MARTA To Reduce Bus Service Routes
Starting Monday, MARTA is cutting down bus service to 41 routes, and weekday rail service will operate on a Sunday schedule.
MARTA officials said the changes are because of dramatic ridership and revenue decline during the coronavirus pandemic.
To protect the health of employees, MARTA has already suspended fare collection on buses.
The Atlanta Journal-Constitution reports MARTA’s bus ridership has declined 40 percent in the wake of COVID-19.

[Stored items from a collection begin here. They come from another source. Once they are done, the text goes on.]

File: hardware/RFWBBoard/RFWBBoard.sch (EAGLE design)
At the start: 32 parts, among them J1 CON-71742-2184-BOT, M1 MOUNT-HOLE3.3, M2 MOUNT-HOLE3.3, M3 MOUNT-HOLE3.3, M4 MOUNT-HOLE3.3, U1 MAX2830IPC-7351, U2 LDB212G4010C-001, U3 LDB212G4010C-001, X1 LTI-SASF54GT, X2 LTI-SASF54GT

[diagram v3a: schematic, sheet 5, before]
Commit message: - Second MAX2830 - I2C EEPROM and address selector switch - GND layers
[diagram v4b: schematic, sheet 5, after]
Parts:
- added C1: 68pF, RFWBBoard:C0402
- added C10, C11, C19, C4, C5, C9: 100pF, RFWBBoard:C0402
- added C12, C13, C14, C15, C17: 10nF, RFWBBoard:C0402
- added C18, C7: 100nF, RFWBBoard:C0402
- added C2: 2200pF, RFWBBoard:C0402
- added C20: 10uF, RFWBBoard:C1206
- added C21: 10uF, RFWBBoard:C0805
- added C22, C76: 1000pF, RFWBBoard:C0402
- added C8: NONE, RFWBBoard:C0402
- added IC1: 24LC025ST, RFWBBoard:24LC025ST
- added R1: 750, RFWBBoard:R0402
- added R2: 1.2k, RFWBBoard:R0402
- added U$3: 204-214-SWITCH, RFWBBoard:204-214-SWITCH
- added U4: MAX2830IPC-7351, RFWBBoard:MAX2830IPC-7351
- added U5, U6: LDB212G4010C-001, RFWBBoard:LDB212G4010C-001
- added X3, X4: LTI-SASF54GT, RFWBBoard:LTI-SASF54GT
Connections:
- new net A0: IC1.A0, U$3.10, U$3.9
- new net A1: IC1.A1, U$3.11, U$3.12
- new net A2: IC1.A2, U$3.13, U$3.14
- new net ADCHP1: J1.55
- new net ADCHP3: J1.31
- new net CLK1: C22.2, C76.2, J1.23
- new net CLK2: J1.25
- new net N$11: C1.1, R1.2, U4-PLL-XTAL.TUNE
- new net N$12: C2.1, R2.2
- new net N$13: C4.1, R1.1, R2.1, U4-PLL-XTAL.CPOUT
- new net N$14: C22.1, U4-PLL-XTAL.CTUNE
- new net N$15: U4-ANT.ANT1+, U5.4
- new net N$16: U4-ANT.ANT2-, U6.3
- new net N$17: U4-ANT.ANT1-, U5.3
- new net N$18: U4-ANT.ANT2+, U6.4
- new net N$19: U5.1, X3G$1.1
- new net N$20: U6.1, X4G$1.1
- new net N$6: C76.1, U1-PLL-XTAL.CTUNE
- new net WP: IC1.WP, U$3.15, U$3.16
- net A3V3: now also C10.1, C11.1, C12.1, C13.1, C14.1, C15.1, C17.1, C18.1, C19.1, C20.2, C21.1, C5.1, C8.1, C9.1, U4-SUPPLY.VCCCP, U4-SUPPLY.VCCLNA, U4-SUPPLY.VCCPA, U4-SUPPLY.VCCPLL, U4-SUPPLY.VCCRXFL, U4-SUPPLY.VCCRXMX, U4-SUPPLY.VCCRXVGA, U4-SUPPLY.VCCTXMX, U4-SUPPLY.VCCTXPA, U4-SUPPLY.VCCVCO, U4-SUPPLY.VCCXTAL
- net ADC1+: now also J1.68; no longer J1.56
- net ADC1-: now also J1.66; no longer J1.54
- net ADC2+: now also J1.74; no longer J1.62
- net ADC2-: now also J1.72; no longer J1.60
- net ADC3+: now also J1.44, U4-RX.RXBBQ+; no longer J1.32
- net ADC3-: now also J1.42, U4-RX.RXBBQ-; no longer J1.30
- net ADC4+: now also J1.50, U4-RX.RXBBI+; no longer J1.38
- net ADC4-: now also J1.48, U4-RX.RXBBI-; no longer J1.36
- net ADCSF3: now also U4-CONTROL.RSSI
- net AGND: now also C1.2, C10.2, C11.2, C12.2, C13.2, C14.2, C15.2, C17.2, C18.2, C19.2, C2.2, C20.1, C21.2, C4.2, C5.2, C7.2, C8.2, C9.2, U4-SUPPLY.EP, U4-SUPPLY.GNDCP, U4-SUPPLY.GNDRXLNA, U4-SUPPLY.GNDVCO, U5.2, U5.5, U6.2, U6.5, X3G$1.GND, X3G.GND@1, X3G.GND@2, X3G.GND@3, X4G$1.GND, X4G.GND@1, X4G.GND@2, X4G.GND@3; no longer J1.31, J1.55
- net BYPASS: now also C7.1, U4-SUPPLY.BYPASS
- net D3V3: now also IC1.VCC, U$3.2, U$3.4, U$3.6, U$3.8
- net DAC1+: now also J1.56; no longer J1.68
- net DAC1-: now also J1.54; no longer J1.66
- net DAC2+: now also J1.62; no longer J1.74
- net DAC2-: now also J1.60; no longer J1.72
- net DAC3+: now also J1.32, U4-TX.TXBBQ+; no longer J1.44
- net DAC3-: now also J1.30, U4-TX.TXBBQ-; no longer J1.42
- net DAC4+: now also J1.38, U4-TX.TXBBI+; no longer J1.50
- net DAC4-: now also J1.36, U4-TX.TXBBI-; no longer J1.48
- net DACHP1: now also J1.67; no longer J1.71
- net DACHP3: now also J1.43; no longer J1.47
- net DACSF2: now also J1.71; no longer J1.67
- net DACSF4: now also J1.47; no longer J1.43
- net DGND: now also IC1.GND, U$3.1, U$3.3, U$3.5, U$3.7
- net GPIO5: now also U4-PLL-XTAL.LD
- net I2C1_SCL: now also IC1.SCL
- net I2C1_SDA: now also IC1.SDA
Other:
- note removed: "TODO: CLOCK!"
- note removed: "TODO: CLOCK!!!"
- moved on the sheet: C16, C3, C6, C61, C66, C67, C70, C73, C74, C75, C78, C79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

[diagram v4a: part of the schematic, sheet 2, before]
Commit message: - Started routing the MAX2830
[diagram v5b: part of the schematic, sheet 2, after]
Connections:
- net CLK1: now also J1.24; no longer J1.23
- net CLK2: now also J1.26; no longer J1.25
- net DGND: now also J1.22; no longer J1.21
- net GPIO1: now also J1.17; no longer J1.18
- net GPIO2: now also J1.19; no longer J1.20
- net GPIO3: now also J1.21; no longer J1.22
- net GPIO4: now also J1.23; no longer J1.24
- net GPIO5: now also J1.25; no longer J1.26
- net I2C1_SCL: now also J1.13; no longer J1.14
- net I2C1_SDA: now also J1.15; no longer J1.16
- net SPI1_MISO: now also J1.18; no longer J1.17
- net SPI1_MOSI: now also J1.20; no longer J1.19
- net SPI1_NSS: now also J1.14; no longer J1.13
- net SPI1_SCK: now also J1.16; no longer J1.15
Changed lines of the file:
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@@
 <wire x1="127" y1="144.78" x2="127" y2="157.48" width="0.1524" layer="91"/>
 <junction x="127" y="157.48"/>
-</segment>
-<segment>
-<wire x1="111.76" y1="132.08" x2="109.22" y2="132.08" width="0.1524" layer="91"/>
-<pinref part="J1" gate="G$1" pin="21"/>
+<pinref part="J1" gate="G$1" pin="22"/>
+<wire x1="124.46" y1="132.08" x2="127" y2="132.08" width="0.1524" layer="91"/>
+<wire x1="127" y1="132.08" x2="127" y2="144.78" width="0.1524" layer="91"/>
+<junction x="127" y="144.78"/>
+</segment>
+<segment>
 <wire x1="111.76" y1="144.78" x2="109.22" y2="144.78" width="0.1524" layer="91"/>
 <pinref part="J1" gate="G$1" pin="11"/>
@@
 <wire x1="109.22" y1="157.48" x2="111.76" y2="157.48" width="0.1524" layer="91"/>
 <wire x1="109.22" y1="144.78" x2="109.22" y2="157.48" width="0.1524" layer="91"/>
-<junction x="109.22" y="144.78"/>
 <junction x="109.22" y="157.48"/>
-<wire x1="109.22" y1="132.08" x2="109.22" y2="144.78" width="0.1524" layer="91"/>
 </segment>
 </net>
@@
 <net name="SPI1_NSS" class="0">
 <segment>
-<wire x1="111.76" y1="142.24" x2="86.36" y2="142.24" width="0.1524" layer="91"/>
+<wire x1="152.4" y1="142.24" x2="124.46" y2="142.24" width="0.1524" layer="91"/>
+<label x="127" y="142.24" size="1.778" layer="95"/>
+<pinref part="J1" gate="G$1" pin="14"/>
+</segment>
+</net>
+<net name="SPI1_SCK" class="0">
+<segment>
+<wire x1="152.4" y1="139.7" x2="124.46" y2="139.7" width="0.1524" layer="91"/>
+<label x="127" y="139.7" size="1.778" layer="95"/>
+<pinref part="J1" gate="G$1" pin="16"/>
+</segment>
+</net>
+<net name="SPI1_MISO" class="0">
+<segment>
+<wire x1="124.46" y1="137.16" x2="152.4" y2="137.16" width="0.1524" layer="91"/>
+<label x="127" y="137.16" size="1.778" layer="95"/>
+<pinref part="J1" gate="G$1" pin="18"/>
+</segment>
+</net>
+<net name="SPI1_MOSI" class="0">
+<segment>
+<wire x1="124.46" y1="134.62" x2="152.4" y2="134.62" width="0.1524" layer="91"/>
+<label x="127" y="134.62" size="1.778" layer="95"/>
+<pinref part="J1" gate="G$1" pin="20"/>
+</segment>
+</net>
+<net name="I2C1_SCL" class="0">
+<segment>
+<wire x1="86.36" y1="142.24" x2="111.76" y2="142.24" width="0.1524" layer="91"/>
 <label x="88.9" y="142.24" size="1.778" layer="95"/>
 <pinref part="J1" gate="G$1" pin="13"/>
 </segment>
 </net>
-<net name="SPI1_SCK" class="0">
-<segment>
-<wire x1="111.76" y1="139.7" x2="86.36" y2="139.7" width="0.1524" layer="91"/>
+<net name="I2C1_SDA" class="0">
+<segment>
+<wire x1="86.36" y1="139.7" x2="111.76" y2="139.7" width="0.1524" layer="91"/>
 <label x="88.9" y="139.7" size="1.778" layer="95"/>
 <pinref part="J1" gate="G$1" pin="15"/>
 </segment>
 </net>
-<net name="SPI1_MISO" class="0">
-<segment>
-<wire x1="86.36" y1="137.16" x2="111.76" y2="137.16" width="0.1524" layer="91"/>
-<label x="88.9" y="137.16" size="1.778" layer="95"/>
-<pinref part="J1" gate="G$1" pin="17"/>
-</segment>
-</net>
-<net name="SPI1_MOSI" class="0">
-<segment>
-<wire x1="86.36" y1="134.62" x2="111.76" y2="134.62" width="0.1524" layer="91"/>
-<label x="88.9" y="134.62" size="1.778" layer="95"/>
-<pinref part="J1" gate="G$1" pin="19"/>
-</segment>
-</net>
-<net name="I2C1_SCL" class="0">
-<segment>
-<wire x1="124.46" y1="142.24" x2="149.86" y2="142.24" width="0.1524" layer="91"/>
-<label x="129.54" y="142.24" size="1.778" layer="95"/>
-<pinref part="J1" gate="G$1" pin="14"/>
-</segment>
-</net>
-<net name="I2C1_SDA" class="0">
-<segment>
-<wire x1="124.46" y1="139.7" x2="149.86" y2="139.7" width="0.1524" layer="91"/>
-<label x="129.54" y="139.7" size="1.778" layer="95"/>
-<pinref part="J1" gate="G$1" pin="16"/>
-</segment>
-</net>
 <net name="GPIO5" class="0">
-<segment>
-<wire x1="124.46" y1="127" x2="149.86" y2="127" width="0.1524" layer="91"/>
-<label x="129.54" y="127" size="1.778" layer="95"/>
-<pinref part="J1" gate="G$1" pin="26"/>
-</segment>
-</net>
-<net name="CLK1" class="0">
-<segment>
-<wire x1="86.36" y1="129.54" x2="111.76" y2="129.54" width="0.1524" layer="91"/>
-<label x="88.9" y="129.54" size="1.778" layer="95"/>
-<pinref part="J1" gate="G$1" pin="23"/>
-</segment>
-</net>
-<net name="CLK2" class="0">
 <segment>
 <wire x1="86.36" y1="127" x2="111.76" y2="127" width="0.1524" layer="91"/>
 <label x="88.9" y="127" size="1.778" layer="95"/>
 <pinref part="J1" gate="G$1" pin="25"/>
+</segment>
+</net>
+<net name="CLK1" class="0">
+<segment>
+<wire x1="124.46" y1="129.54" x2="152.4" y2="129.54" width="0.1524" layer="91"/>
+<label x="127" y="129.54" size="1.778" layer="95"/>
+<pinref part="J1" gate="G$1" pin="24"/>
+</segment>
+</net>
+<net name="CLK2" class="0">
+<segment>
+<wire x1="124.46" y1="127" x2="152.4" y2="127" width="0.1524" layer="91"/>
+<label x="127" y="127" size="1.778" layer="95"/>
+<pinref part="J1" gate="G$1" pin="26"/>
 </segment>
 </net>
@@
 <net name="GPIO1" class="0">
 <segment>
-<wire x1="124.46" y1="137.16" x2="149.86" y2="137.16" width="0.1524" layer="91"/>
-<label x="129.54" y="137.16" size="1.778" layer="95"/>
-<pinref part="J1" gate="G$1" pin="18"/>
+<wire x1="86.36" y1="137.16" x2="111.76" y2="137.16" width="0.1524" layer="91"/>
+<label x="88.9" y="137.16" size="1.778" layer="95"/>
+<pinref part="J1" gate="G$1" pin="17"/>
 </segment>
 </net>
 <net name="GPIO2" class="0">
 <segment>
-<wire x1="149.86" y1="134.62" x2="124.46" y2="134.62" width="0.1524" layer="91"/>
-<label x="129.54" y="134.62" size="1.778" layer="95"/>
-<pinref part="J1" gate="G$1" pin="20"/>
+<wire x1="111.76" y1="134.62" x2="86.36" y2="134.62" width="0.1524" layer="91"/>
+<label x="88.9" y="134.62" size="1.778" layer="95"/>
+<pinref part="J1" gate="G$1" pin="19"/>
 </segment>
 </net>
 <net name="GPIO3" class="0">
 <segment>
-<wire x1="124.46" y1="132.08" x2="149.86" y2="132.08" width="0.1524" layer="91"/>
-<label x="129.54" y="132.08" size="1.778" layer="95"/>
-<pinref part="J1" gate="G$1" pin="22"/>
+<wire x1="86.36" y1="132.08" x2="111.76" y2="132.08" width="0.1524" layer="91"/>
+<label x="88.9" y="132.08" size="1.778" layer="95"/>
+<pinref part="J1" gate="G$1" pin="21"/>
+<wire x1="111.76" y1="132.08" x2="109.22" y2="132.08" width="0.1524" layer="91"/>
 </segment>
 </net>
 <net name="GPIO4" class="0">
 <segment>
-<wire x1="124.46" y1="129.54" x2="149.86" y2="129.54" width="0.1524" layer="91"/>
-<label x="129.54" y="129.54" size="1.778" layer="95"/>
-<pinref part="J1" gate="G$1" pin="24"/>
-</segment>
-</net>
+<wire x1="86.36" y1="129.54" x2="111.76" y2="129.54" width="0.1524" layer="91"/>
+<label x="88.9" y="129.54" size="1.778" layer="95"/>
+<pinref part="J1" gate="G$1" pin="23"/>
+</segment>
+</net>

Atlanta Goodwills To Halt Donations
People quarantined and spring cleaning their closets during the coronavirus pandemic won’t be able to donate to Atlanta-area Goodwill stores anymore, at least for now.
Goodwill of North Georgia said in a statement that its stores will stop accepting donations after Saturday.
Last month, its 65 stores closed temporarily amid public safety concerns from COVID-19.
Since partially reopening, Goodwill officials say its stores have been overwhelmed with donations.
Warrant: Georgia Man Lied About Virus During Jail Booking
A Georgia man is accused of lying about having the coronavirus while being booked into jail.
Ronald Nathaniel Steward, 29, was charged with making false statements and terroristic threats on April 11 after telling Cobb County sheriff’s deputies that he had been diagnosed with coronavirus, according to a Cobb County arrest warrant.
Steward signed a release authorizing medical treatment and the release of medical information, the warrant said. He said he received treatment at Northside Hospital in Atlanta, but the hospital told a jail nurse that Steward was not tested or treated there, news outlets reported Thursday.
After the call, Cobb County deputies said they still quarantined Steward in a single-person cell and used protective gear around him.
Court records show that Steward was originally charged with obstruction and a misdemeanor battery for hitting a police officer last November, the Marietta Daily Journal reported.
It wasn’t immediately clear whether Steward had a lawyer to comment on his behalf.